No. 3 Same Scenerio

Joined
May 18, 2005
Location
Spring Hill, Tennessee
You are a Major General in charge of a division of about 2,700 men.

Around 10 p.m., you are ordered to take up a position on the extreme left of the army.

Orders were earlier issued to bivouac the men.

Now, about midnight, an order comes from the corps commander you have been loaned out to, to advance your division to a road in your front, which it is said the enemy is moving along. You are to disrupt the enemy's movement.

You are in line parallel with the road, and as you understand it, about 400 yards from it.

A friendly division is on your right and only your pickets to the front.

WHAT DO YOU DO?
 
Ask the friendly division to watch our flank for us and ask the pickets what the terrain looks like in order to figure out the best position to fire from and protect my troops (advance and/or withdraw.) Send a regiment or two out as a skirmish line to approximately 100 yards from the road and have them lay down. When they start blasting, we move to about 200 yards, take or make cover in line of brigades, give the skirmishers time to figure out the strength of the enemy and do their blasting before they return to the division. Then we start blasting away ourselves. Do our duty, wait for orders to change fronts, advance or fall back.

Bart :thumbsup:
 
Still trying to figure out which battle and which army. Agree with JerseyBart, you follow your orders. Night fighting is risky now, and was much riskier then. If I had calavery I would use them as well to harrass the line.

Semper Fi
 
This is a dangerous mission, no doubt, but you have been ordered by your C.O. to accomplish a mission. There is apparently a gaggle of enemy on the pike in your front.

What I would do...

Locate the division on your right so as not to marchin in their front.

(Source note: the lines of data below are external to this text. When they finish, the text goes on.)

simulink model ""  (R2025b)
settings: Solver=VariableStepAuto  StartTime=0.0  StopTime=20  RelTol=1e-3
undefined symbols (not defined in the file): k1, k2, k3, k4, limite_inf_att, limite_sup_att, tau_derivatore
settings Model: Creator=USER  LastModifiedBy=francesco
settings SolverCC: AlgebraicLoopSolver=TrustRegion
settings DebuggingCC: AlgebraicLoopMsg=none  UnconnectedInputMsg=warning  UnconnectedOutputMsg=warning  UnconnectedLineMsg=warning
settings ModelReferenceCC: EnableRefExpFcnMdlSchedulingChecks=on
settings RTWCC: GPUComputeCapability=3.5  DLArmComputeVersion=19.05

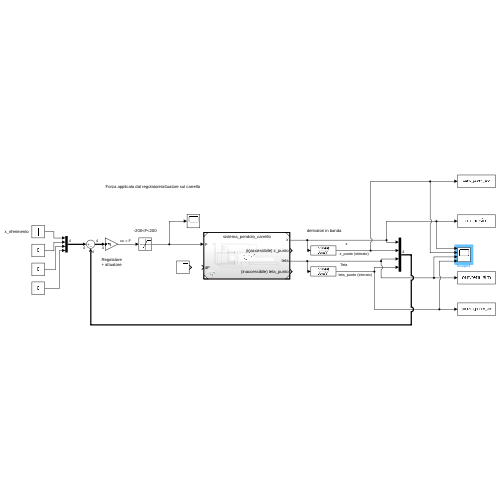
[thumbnail: Simulink's stored preview of the top-level diagram]
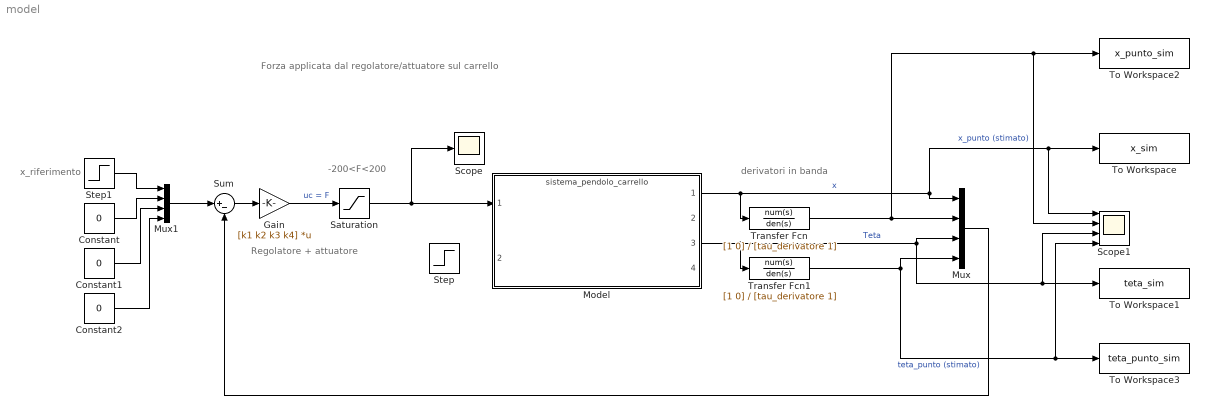
== system model ==
  note: x_riferimento
  note: derivatori in banda
  note: -200<F<200
  note: Regolatore
      | + attuatore
  note: Forza applicata dal regolatore/attuatore sul carrello
  Constant : Constant  Value=0
  Constant1 : Constant  Value=0
  Constant2 : Constant  Value=0
  Gain : Gain  Gain=[k1 k2 k3 k4]  Multiplication=Matrix(K*u)
  Model : ModelReference  ModelNameDialog=sistema_pendolo_carrello.slx  SimulationMode=Normal  ModelReferenceVersion=9.29
  Mux : Mux
  Mux1 : Mux
  Saturation : Saturate  UpperLimit=limite_sup_att  LowerLimit=limite_inf_att
  Scope : Scope
  Scope1 : Scope  NumInputPorts=4
      settings: ActiveDisplayString=4  ActiveDisplayYMinimum=-0.39414045873539633  ActiveDisplayYMaximum=0.17993077782329631
  Step : Step  SampleTime=0
  Step1 : Step  After=5  SampleTime=0
  Sum : Sum  Inputs=|+-
  To Workspace : ToWorkspace  VariableName=x_sim  SaveFormat=Timeseries  SampleTime=-1
  To Workspace1 : ToWorkspace  VariableName=teta_sim  SaveFormat=Timeseries  SampleTime=-1
  To Workspace2 : ToWorkspace  VariableName=x_punto_sim  SaveFormat=Timeseries  SampleTime=-1
  To Workspace3 : ToWorkspace  VariableName=teta_punto_sim  SaveFormat=Timeseries  SampleTime=-1
  Transfer Fcn : TransferFcn  Numerator=[1 0]  Denominator=[tau_derivatore 1]
  Transfer Fcn1 : TransferFcn  Numerator=[1 0]  Denominator=[tau_derivatore 1]
  wires:
  Gain/1 -> Saturation/1  "uc = F"
  Model/1 -> Mux/1, Scope1/1, To Workspace/1, Transfer Fcn/1  "x"
  Model/3 -> Transfer Fcn1/1, Scope1/3, To Workspace1/1, Mux/3  "Teta"
  Saturation/1 -> Model/1, Scope/1
  Transfer Fcn/1 -> Mux/2, To Workspace2/1, Scope1/2  "x_punto (stimato)"
  Transfer Fcn1/1 -> Mux/4, Scope1/4, To Workspace3/1  "teta_punto (stimato)"
  Sum/1 -> Gain/1
  Mux/1 -> Sum/2
  Step1/1 -> Mux1/1
  Constant/1 -> Mux1/2
  Constant1/1 -> Mux1/3
  Constant2/1 -> Mux1/4
  Mux1/1 -> Sum/1

Leave a brigade in line facing your left - to protect that flank.

Send forward skirmishers and the line of battle.

When or if the skirmisers become engaged - have the line of battle advance to them - rather than they fall back.

AND SIMPLY COMMAND THE PIKE BY FIRE.

Now guess what Maj. Gen. Ed Johnson did?

He complained "bitterly" about his division being loaned out to another corps. Not knowing the terrain in his front he refused to advance fearing that friendly troops might fire into his men.

He waisted all of an hour crying about it instead of marching at least a detachment forward.

By the time he finally rode toward the pike with one of Cheatham's staff officers the enemy was either gone or they hit a gap in the enemy retreat. And thus another act in the comedy of errors and misfortunes for the Confederates sealing their fate a day before Franklin.